Mis gemelos estaban a punto de estallar, no podía correr, y esto me ocurría por mi llano entrenamiento de las semanas previas. Pero es que estas cuestas mortales no las tenemos por Cáceres. Me esforcé mentalmente, ya que el físico no daba para más, para no bajar los brazos.
Llegó al fin el primer avituallamiento, y comenzó la parte favorable que anunciaban en la salida. Una bajada muy rápida y algo técnica me devolvió la vida, y volví a remontar posiciones. Cuando terminó la bajada continué con la inercia, y los siguientes 8 kilómetros fueron muy cómodos. Un terreno de toboganes, donde yo (y todos) aprovechábamos el ritmo adquirido en la bajada para las cortas subidas.
Llegó hasta mi posición un compañero que llevaba un buen ritmo, y seguirle a él me ayudó mucho en los tramos más llanos, aunque me tomó algo de ventaja. Fue una referencia valiosísima, y subsané uno de los errores que he tenido en anteriores carreras: quedarme sólo en tierra de nadie.
Desde el kilómetro 8 mi "querida" zapatilla Adidas Kanadia se desabrochó en el pie izquierdo. Pero ni se me pasó por la cabeza pararme a atarla. Llevaba un ritmo excelente y no me iba a parar.
Así llegué al kilómetro 12, y yo estaba muy satisfecho. Quedaban 1,5 kilómetros, iba a un ritmo muy bueno y podía mantenerlo. Me frotaba mentalmente las manos pensando que iba a ser capaz de bajar de una hora, cuando mi objetivo inicial era bajar de 1:10. Pero algo me escamaba ¿Y la subida al castillo?
Y me seguí escamando cuando dejamos de lado la vereda por la que ascendimos la colina hasta el castillo en el Maratón de los Artesanos, y encaramos un tramo favorable de asfalto, dejando el castillo a la izquierda. Me parecia que habíamos pasado el kilómetro 12 hacía un siglo, y la subida no comenzaba.
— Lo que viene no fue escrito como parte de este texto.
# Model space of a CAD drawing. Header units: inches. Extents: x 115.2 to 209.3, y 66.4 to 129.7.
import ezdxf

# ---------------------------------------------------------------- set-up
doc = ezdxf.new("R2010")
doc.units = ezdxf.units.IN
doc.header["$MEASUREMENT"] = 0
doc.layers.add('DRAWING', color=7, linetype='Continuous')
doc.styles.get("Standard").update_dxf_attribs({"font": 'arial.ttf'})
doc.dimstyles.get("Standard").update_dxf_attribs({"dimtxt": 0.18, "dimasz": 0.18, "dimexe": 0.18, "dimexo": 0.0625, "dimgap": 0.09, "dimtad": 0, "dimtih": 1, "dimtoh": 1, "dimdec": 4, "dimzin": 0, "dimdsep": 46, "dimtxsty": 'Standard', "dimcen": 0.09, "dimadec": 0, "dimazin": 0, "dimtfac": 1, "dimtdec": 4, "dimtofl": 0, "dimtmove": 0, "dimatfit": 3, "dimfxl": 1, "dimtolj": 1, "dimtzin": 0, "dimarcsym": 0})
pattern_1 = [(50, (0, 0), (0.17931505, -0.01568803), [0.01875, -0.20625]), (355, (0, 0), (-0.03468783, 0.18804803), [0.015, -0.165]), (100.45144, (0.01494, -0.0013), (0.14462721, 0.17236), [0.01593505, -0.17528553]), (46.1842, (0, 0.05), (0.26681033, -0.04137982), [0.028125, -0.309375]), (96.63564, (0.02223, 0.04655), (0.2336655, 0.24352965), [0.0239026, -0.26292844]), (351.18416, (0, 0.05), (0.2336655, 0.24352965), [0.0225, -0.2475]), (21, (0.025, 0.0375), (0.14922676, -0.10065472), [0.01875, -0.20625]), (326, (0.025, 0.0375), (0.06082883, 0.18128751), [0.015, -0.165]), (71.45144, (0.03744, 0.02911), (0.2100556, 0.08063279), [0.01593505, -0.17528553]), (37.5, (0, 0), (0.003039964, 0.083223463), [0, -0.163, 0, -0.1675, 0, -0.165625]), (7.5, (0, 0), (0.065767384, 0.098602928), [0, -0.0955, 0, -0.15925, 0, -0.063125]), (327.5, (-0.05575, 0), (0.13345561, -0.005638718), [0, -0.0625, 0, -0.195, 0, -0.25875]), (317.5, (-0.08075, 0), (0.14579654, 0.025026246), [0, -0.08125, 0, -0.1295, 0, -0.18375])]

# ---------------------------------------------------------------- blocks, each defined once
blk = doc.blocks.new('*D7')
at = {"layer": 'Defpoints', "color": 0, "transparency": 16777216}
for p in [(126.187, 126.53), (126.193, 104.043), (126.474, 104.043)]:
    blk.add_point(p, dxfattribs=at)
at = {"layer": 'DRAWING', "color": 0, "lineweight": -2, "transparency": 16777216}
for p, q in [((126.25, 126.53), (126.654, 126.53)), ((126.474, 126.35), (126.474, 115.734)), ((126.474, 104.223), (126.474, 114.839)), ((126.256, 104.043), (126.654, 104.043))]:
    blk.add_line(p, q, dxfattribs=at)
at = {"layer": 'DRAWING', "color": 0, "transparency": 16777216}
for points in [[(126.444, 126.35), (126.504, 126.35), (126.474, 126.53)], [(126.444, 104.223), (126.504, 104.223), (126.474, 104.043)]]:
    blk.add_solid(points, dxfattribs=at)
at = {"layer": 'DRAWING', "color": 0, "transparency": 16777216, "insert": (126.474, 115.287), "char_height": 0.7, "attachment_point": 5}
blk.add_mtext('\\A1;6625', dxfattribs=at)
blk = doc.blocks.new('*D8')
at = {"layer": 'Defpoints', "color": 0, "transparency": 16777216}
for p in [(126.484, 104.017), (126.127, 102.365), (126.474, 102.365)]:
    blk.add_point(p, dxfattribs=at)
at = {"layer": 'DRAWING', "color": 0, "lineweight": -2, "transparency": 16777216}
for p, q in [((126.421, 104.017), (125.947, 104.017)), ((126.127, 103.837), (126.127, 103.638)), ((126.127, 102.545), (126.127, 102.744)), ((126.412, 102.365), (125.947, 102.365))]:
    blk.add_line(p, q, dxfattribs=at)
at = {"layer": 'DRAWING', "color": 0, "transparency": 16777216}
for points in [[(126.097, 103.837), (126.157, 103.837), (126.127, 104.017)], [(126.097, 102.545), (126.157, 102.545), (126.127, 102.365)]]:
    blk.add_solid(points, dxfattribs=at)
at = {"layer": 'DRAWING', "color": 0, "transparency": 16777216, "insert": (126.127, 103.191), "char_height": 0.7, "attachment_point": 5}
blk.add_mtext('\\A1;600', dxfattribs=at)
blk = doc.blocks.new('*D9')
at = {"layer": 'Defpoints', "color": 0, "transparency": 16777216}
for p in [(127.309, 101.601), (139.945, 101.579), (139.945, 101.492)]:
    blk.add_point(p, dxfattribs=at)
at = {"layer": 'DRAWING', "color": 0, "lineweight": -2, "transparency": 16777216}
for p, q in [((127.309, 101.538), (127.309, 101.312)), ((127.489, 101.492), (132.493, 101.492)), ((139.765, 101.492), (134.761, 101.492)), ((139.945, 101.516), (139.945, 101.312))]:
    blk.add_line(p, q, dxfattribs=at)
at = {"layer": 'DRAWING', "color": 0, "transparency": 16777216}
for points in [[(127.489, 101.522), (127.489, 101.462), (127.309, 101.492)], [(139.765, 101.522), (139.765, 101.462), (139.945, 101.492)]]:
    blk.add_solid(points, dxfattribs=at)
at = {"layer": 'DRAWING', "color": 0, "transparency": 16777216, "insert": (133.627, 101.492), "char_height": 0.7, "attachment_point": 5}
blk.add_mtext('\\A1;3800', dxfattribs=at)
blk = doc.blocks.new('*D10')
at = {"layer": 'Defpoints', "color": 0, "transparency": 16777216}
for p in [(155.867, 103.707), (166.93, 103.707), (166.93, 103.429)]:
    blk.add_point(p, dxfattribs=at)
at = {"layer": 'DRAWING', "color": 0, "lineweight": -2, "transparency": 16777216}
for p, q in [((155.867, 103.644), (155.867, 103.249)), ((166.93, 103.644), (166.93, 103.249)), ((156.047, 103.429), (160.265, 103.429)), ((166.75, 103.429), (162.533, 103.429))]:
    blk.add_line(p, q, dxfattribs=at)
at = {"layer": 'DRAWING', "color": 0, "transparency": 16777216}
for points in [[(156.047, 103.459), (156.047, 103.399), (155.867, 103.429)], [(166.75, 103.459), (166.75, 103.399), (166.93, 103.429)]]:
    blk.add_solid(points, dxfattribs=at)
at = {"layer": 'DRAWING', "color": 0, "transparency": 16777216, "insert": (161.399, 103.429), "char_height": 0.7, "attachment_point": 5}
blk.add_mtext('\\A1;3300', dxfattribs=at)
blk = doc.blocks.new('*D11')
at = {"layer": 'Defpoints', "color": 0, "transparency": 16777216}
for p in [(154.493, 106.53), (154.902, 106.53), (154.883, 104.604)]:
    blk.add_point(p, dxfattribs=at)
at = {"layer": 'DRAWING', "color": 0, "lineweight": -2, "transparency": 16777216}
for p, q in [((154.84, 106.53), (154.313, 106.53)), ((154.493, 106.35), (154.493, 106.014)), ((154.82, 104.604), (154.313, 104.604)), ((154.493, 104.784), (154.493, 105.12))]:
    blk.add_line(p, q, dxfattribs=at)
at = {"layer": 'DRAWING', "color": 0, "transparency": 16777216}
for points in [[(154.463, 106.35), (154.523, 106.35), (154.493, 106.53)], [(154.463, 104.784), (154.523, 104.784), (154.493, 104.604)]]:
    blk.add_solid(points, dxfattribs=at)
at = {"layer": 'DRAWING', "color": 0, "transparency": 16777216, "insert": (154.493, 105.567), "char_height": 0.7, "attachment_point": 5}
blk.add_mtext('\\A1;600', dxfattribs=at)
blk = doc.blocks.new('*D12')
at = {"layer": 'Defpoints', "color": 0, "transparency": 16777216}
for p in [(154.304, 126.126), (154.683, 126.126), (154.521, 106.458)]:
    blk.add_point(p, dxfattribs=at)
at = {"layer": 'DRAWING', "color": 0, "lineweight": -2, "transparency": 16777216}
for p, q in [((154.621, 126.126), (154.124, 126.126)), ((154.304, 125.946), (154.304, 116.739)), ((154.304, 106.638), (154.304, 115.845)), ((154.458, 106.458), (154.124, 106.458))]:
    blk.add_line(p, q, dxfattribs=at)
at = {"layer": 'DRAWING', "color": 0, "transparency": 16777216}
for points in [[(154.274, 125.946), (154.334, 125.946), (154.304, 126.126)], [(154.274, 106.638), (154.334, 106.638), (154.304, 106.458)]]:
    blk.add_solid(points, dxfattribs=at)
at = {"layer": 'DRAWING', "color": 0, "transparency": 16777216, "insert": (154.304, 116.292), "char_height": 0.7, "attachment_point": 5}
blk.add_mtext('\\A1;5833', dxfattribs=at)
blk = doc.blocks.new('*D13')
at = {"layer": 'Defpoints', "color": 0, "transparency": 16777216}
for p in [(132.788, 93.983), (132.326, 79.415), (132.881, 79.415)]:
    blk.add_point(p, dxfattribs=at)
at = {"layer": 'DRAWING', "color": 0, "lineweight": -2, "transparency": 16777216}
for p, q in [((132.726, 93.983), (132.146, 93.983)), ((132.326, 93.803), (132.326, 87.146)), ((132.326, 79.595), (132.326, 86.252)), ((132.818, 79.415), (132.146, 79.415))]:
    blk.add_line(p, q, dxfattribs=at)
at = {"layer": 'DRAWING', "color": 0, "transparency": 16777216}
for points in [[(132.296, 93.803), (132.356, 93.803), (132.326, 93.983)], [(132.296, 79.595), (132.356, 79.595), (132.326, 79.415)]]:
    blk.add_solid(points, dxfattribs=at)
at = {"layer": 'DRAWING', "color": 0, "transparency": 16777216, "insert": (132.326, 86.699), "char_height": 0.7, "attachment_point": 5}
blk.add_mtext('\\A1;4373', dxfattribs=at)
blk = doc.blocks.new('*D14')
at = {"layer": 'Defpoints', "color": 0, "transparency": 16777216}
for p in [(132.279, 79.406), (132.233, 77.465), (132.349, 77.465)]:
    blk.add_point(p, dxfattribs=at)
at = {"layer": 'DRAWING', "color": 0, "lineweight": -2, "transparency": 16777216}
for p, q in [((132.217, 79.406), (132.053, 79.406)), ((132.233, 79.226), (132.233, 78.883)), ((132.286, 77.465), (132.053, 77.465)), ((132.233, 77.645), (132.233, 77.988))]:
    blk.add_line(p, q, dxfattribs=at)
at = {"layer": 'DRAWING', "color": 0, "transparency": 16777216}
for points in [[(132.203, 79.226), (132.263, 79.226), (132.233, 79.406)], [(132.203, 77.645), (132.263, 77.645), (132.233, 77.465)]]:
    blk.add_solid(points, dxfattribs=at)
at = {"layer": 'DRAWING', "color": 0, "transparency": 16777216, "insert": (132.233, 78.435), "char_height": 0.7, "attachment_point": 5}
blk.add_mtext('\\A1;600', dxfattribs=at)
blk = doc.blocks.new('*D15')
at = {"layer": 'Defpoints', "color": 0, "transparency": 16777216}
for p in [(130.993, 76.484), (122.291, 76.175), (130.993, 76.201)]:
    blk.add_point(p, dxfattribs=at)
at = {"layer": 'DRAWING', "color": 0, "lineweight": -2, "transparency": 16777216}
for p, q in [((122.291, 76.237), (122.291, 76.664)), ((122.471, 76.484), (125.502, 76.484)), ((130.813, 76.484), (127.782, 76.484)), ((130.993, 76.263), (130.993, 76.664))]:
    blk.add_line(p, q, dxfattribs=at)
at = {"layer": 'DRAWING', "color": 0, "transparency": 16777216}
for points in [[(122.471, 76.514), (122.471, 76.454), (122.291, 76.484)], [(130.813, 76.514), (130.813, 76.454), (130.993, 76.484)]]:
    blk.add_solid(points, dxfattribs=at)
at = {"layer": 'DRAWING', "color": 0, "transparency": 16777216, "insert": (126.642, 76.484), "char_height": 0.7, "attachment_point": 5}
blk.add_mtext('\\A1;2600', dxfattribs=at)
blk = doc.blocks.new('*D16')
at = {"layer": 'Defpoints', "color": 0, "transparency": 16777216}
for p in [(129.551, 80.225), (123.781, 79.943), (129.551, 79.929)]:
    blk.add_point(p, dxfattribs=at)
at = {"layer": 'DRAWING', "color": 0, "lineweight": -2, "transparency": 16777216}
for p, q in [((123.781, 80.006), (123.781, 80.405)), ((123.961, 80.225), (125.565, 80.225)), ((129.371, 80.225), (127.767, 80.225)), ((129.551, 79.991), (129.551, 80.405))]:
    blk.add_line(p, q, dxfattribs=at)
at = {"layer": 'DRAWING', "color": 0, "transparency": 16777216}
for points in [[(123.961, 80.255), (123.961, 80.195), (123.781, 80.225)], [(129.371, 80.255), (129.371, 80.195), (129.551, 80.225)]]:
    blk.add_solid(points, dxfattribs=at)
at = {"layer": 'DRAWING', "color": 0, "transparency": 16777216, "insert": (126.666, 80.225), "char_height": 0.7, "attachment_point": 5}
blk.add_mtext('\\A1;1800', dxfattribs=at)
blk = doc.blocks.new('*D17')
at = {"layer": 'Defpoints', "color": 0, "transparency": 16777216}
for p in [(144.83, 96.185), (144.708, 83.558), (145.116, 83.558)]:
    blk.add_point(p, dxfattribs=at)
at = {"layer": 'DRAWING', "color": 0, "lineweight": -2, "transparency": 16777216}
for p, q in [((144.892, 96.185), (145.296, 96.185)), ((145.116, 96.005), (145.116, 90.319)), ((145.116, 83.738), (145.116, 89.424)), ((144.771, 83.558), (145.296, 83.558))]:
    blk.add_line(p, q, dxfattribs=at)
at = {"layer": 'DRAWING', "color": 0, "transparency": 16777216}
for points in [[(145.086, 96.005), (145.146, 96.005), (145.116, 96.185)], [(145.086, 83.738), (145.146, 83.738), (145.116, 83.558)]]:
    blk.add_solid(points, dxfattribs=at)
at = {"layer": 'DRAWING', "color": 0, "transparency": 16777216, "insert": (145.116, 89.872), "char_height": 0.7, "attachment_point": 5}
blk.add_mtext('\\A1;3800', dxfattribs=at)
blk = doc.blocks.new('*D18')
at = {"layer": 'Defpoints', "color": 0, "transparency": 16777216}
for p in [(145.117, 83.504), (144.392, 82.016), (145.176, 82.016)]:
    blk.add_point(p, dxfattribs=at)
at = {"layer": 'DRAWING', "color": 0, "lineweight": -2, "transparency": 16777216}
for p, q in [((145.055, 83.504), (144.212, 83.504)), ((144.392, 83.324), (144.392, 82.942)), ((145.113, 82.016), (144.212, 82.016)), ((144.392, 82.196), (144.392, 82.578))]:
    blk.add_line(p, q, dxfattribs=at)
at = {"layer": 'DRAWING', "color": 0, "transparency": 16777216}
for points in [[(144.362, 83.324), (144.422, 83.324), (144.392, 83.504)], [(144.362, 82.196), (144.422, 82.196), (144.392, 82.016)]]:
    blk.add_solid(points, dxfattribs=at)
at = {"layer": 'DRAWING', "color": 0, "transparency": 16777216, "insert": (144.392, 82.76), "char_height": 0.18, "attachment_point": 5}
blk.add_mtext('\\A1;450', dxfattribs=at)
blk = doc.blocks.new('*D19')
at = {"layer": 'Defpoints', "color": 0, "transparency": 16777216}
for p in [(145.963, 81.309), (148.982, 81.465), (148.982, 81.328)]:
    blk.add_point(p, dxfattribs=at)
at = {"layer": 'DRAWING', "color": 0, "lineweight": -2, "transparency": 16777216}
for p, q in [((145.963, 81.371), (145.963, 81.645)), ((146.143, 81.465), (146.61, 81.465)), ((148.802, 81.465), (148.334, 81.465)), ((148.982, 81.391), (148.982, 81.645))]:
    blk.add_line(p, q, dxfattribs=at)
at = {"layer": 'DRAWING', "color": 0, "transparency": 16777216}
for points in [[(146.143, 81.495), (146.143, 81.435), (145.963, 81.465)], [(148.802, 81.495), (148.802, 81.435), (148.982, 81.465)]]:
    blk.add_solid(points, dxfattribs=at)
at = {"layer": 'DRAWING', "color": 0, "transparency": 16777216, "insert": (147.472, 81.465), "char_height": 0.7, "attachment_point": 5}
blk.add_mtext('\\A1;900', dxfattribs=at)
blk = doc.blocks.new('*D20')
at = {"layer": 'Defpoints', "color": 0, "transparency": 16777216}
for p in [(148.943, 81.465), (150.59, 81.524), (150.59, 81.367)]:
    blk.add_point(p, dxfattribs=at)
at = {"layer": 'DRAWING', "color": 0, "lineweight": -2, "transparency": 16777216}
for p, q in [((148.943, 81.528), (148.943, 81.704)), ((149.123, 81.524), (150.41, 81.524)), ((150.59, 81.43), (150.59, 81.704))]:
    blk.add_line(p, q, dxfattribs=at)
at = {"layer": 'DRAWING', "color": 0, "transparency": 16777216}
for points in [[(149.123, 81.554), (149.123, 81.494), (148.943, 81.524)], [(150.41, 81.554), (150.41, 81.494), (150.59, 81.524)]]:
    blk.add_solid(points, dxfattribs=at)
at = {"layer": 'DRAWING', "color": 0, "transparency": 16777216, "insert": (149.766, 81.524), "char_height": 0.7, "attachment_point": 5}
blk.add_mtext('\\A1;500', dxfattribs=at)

Por fin llegó la Subida, el palo final. Una subida corta (no quedaba ya casi nada de carrera) pero horriblemente dura. En ningún caso me esperaba un ascenso tan abrupto y de tal pendiente, y me volvieron todos los demonios. Tuve que andar en varias ocasiones (aunque me animaba el hecho de que la gente que iba delante de mi también) y me pasaron un par de corredores. Procuraba salir en las fotos con dignidad y hacer que corria, y así llegué desfondado a la cima. No conseguí bajar de la hora, pero hice una marca digna (1:02:44 segundos)
En el Castillo hacia una ventolera considerable. En seguida me dieron la bolsa del corredor (increiblemente completa por 3 euros de inscripcion), me cambié de camiseta y hacia abajo. Volvimos a la plaza del pueblo, presenciamos el podio con un shandy en la mano (ganador, como no, Pedro José Hernández con algo más de 48 minutos), y luego al Bar - Restaurante la Carretera, donde degustamos por 8 euritos un sopita castellana con un estofado de venado, todo muy rico. Y de vuelta a Cáceres.
Tras unos días vimos nuestra clasificación. Manu hizo una buena marca, 57 minutos y pico, quedando en la posición 15. Yo hice 1:02:44, quedando en la posición global 32. En fin, sensaciones positivas y una carrera aceptable, por parte de ambos. Aunque creo que yo debería bajar de la 58 minutos y quedar entre los 20 primeros. Y sobre Manu, pienso que tiene calidad para estar entre los 10 primeros. El año que viene volveremos, y a ver si cumplimos estos objetivos.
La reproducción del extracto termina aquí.